*TASK BRIEF*: The expected result is a verbatim repetition of the lines from the start of the entries through the line containing "#8063 = DIRECTION", with the pictures removed.

*SUPPLIED RECORDS*:
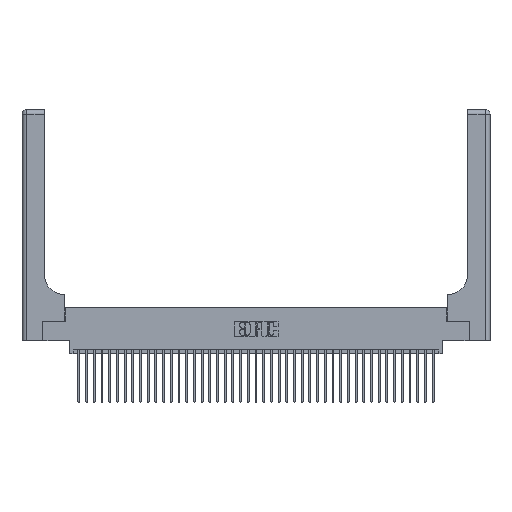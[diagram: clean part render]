
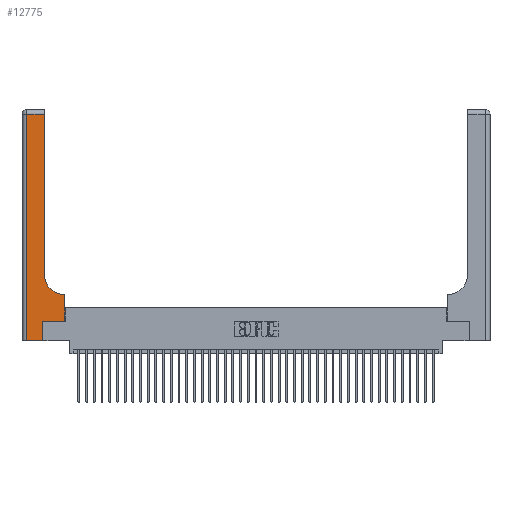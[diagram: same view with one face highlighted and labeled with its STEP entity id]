
A CAD part, top view. The second image highlights one B-rep face of the part: STEP entity #12775.
In plain terms, the highlighted planar face has unit normal (0, 0, 1).
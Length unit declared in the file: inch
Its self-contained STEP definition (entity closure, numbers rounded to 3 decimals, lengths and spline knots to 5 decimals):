
#390 = DIRECTION ( 'NONE',  ( 1., 0., 0. ) ) ;
#2642 = VECTOR ( 'NONE', #9730, 39.37008 ) ;
#4396 = EDGE_CURVE ( 'NONE', #29354, #30842, #13096, .T. ) ;
#5876 = EDGE_CURVE ( 'NONE', #30842, #24243, #12555, .T. ) ;
#6418 = CARTESIAN_POINT ( 'NONE',  ( 0.06, 3., 0.37 ) ) ;
#7417 = LINE ( 'NONE', #6418, #25565 ) ;
#7552 = VERTEX_POINT ( 'NONE', #35041 ) ;
#7795 = EDGE_CURVE ( 'NONE', #17870, #7552, #11343, .T. ) ;
#8063 = DIRECTION ( 'NONE',  ( 1., 0., 0. ) ) ;
#8354 = CARTESIAN_POINT ( 'NONE',  ( 0.5415, 0.85, 0.37 ) ) ;
#8485 = DIRECTION ( 'NONE',  ( 0., 1., 0. ) ) ;
#8566 = LINE ( 'NONE', #19980, #41472 ) ;
#8717 = CARTESIAN_POINT ( 'NONE',  ( 0., 2.94, 0.37 ) ) ;
#9090 = AXIS2_PLACEMENT_3D ( 'NONE', #31958, #16123, #38368 ) ;
#9730 = DIRECTION ( 'NONE',  ( 0., 1., 0. ) ) ;
#10013 = ORIENTED_EDGE ( 'NONE', *, *, #4396, .T. ) ;
#10366 = LINE ( 'NONE', #24115, #17954 ) ;
#11088 = LINE ( 'NONE', #38624, #26148 ) ;
#11343 = LINE ( 'NONE', #25719, #2642 ) ;
#11549 = CARTESIAN_POINT ( 'NONE',  ( 0.2915, 2.94, 0.37 ) ) ;
#11602 = DIRECTION ( 'NONE',  ( 1., 0., 0. ) ) ;
#12555 = LINE ( 'NONE', #13611, #37022 ) ;
#12775 = ADVANCED_FACE ( 'NONE', ( #37396 ), #12844, .F. ) ;
#12844 = PLANE ( 'NONE',  #9090 ) ;
#13096 = CIRCLE ( 'NONE', #16995, 0.25 ) ;
#13596 = VERTEX_POINT ( 'NONE', #26101 ) ;
#13611 = CARTESIAN_POINT ( 'NONE',  ( 0.2915, 3., 0.37 ) ) ;
#14025 = VERTEX_POINT ( 'NONE', #24653 ) ;
#14478 = EDGE_LOOP ( 'NONE', ( #36983, #23111, #35080, #26531, #24077, #38873, #27958, #18032, #10013 ) ) ;
#16123 = DIRECTION ( 'NONE',  ( 0., 0., -1. ) ) ;
#16312 = EDGE_CURVE ( 'NONE', #14025, #13596, #11088, .T. ) ;
#16703 = EDGE_CURVE ( 'NONE', #24243, #26725, #30055, .T. ) ;
#16995 = AXIS2_PLACEMENT_3D ( 'NONE', #8354, #30721, #11602 ) ;
#17475 = EDGE_CURVE ( 'NONE', #26725, #14025, #7417, .T. ) ;
#17794 = VERTEX_POINT ( 'NONE', #30210 ) ;
#17870 = VERTEX_POINT ( 'NONE', #30762 ) ;
#17954 = VECTOR ( 'NONE', #8063, 39.37008 ) ;
#18032 = ORIENTED_EDGE ( 'NONE', *, *, #21508, .T. ) ;
#19688 = CARTESIAN_POINT ( 'NONE',  ( 0.06, 2.94, 0.37 ) ) ;
#19980 = CARTESIAN_POINT ( 'NONE',  ( 0.2915, 0.6, 0.37 ) ) ;
#20533 = EDGE_CURVE ( 'NONE', #13596, #17794, #30779, .T. ) ;
#21508 = EDGE_CURVE ( 'NONE', #7552, #29354, #8566, .T. ) ;
#22938 = CARTESIAN_POINT ( 'NONE',  ( 0.5415, 0.6, 0.37 ) ) ;
#23111 = ORIENTED_EDGE ( 'NONE', *, *, #16703, .T. ) ;
#24077 = ORIENTED_EDGE ( 'NONE', *, *, #20533, .T. ) ;
#24115 = CARTESIAN_POINT ( 'NONE',  ( 0.269, 0.25, 0.37 ) ) ;
#24243 = VERTEX_POINT ( 'NONE', #11549 ) ;
#24653 = CARTESIAN_POINT ( 'NONE',  ( 0.06, 0., 0.37 ) ) ;
#25565 = VECTOR ( 'NONE', #28867, 39.37008 ) ;
#25719 = CARTESIAN_POINT ( 'NONE',  ( 0.5585, 0.25, 0.37 ) ) ;
#26101 = CARTESIAN_POINT ( 'NONE',  ( 0.269, 0., 0.37 ) ) ;
#26148 = VECTOR ( 'NONE', #390, 39.37008 ) ;
#26508 = DIRECTION ( 'NONE',  ( 0., 1., 0. ) ) ;
#26531 = ORIENTED_EDGE ( 'NONE', *, *, #16312, .T. ) ;
#26725 = VERTEX_POINT ( 'NONE', #19688 ) ;
#27958 = ORIENTED_EDGE ( 'NONE', *, *, #7795, .T. ) ;
#28867 = DIRECTION ( 'NONE',  ( 0., -1., 0. ) ) ;
#29077 = VECTOR ( 'NONE', #34314, 39.37008 ) ;
#29354 = VERTEX_POINT ( 'NONE', #22938 ) ;
#29803 = VECTOR ( 'NONE', #8485, 39.37008 ) ;
#30055 = LINE ( 'NONE', #8717, #29077 ) ;
#30210 = CARTESIAN_POINT ( 'NONE',  ( 0.269, 0.25, 0.37 ) ) ;
#30721 = DIRECTION ( 'NONE',  ( 0., 0., -1. ) ) ;
#30762 = CARTESIAN_POINT ( 'NONE',  ( 0.5585, 0.25, 0.37 ) ) ;
#30779 = LINE ( 'NONE', #30855, #29803 ) ;
#30842 = VERTEX_POINT ( 'NONE', #40939 ) ;
#30855 = CARTESIAN_POINT ( 'NONE',  ( 0.269, 0., 0.37 ) ) ;
#31958 = CARTESIAN_POINT ( 'NONE',  ( 0., 3., 0.37 ) ) ;
#34314 = DIRECTION ( 'NONE',  ( -1., 0., 0. ) ) ;
#35041 = CARTESIAN_POINT ( 'NONE',  ( 0.5585, 0.6, 0.37 ) ) ;
#35080 = ORIENTED_EDGE ( 'NONE', *, *, #17475, .T. ) ;
#36983 = ORIENTED_EDGE ( 'NONE', *, *, #5876, .T. ) ;
#37022 = VECTOR ( 'NONE', #26508, 39.37008 ) ;
#37396 = FACE_OUTER_BOUND ( 'NONE', #14478, .T. ) ;
#38368 = DIRECTION ( 'NONE',  ( -1., 0., 0. ) ) ;
#38624 = CARTESIAN_POINT ( 'NONE',  ( 0., 0., 0.37 ) ) ;
#38873 = ORIENTED_EDGE ( 'NONE', *, *, #40455, .T. ) ;
#38977 = DIRECTION ( 'NONE',  ( -1., 0., 0. ) ) ;
#40455 = EDGE_CURVE ( 'NONE', #17794, #17870, #10366, .T. ) ;
#40939 = CARTESIAN_POINT ( 'NONE',  ( 0.2915, 0.85, 0.37 ) ) ;
#41472 = VECTOR ( 'NONE', #38977, 39.37008 ) ;
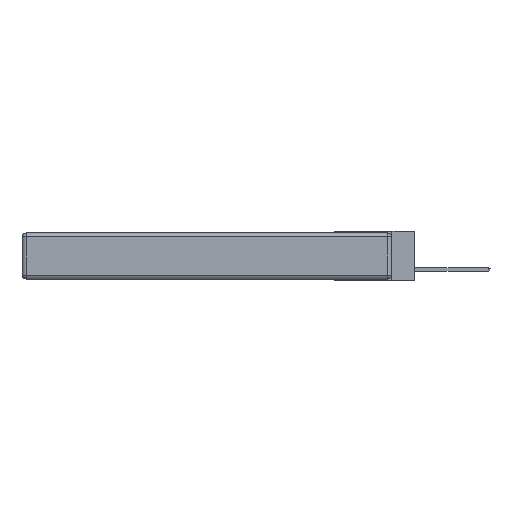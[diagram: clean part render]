
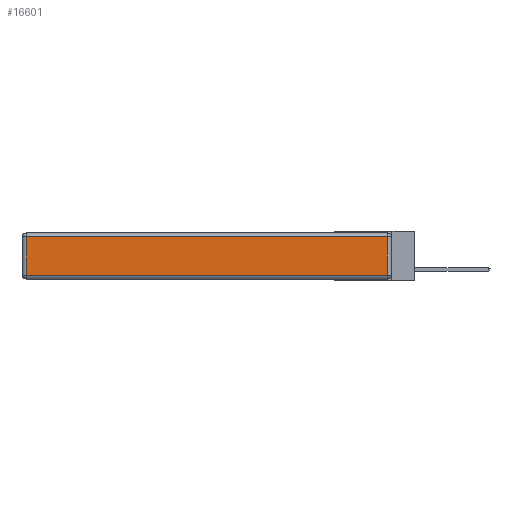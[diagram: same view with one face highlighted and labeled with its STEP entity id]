
A CAD part, left-side view. The second image highlights one B-rep face of the part: STEP entity #16601.
In plain terms, the highlighted planar face has unit normal (-1, 0, 0).
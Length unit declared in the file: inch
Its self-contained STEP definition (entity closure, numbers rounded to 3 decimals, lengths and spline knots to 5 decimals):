
#11 = LINE ( 'NONE', #9996, #15483 ) ;
#1408 = EDGE_CURVE ( 'NONE', #15429, #10407, #11, .T. ) ;
#1628 = CARTESIAN_POINT ( 'NONE',  ( 0., 0.03, -0.313 ) ) ;
#2682 = CARTESIAN_POINT ( 'NONE',  ( 0., 2.72, -0.313 ) ) ;
#6080 = CARTESIAN_POINT ( 'NONE',  ( 0., 2.72, -0.343 ) ) ;
#6489 = LINE ( 'NONE', #6080, #18514 ) ;
#7054 = EDGE_CURVE ( 'NONE', #14130, #21978, #25203, .T. ) ;
#7410 = CARTESIAN_POINT ( 'NONE',  ( 0., 0.03, -0.343 ) ) ;
#9187 = VECTOR ( 'NONE', #24563, 39.37008 ) ;
#9546 = DIRECTION ( 'NONE',  ( 0., 0., 1. ) ) ;
#9687 = DIRECTION ( 'NONE',  ( -1., 0., 0. ) ) ;
#9996 = CARTESIAN_POINT ( 'NONE',  ( 0., 2.75, -0.03 ) ) ;
#10407 = VERTEX_POINT ( 'NONE', #17698 ) ;
#11977 = DIRECTION ( 'NONE',  ( 0., 0., -1. ) ) ;
#12247 = ORIENTED_EDGE ( 'NONE', *, *, #7054, .T. ) ;
#12865 = CARTESIAN_POINT ( 'NONE',  ( 0., 0., -0.313 ) ) ;
#13484 = PLANE ( 'NONE',  #24094 ) ;
#13822 = DIRECTION ( 'NONE',  ( 0., 1., 0. ) ) ;
#14130 = VERTEX_POINT ( 'NONE', #2682 ) ;
#15026 = LINE ( 'NONE', #7410, #17810 ) ;
#15193 = DIRECTION ( 'NONE',  ( 0., 0., 1. ) ) ;
#15429 = VERTEX_POINT ( 'NONE', #20280 ) ;
#15483 = VECTOR ( 'NONE', #13822, 39.37008 ) ;
#16094 = FACE_OUTER_BOUND ( 'NONE', #21995, .T. ) ;
#16240 = ORIENTED_EDGE ( 'NONE', *, *, #1408, .T. ) ;
#16601 = ADVANCED_FACE ( 'NONE', ( #16094 ), #13484, .T. ) ;
#17048 = ORIENTED_EDGE ( 'NONE', *, *, #24814, .T. ) ;
#17698 = CARTESIAN_POINT ( 'NONE',  ( 0., 2.72, -0.03 ) ) ;
#17810 = VECTOR ( 'NONE', #9546, 39.37008 ) ;
#18012 = EDGE_CURVE ( 'NONE', #21978, #15429, #15026, .T. ) ;
#18514 = VECTOR ( 'NONE', #11977, 39.37008 ) ;
#19433 = CARTESIAN_POINT ( 'NONE',  ( 0., 0., -0.343 ) ) ;
#19629 = ORIENTED_EDGE ( 'NONE', *, *, #18012, .T. ) ;
#20280 = CARTESIAN_POINT ( 'NONE',  ( 0., 0.03, -0.03 ) ) ;
#21978 = VERTEX_POINT ( 'NONE', #1628 ) ;
#21995 = EDGE_LOOP ( 'NONE', ( #12247, #19629, #16240, #17048 ) ) ;
#24094 = AXIS2_PLACEMENT_3D ( 'NONE', #19433, #9687, #15193 ) ;
#24563 = DIRECTION ( 'NONE',  ( 0., -1., 0. ) ) ;
#24814 = EDGE_CURVE ( 'NONE', #10407, #14130, #6489, .T. ) ;
#25203 = LINE ( 'NONE', #12865, #9187 ) ;

*ANSWER FOR THIS EXERCISE*:
[diagram: clean part render]
[diagram: same view with one face highlighted and labeled with its STEP entity id]
A CAD part, top view. The second image highlights one B-rep face of the part: STEP entity #12775.
In plain terms, the highlighted planar face has unit normal (0, 0, 1).
Length unit declared in the file: inch
Its self-contained STEP definition (entity closure, numbers rounded to 3 decimals, lengths and spline knots to 5 decimals):
#390 = DIRECTION ( 'NONE',  ( 1., 0., 0. ) ) ;
#2642 = VECTOR ( 'NONE', #9730, 39.37008 ) ;
#4396 = EDGE_CURVE ( 'NONE', #29354, #30842, #13096, .T. ) ;
#5876 = EDGE_CURVE ( 'NONE', #30842, #24243, #12555, .T. ) ;
#6418 = CARTESIAN_POINT ( 'NONE',  ( 0.06, 3., 0.37 ) ) ;
#7417 = LINE ( 'NONE', #6418, #25565 ) ;
#7552 = VERTEX_POINT ( 'NONE', #35041 ) ;
#7795 = EDGE_CURVE ( 'NONE', #17870, #7552, #11343, .T. ) ;
#8063 = DIRECTION ( 'NONE',  ( 1., 0., 0. ) ) ;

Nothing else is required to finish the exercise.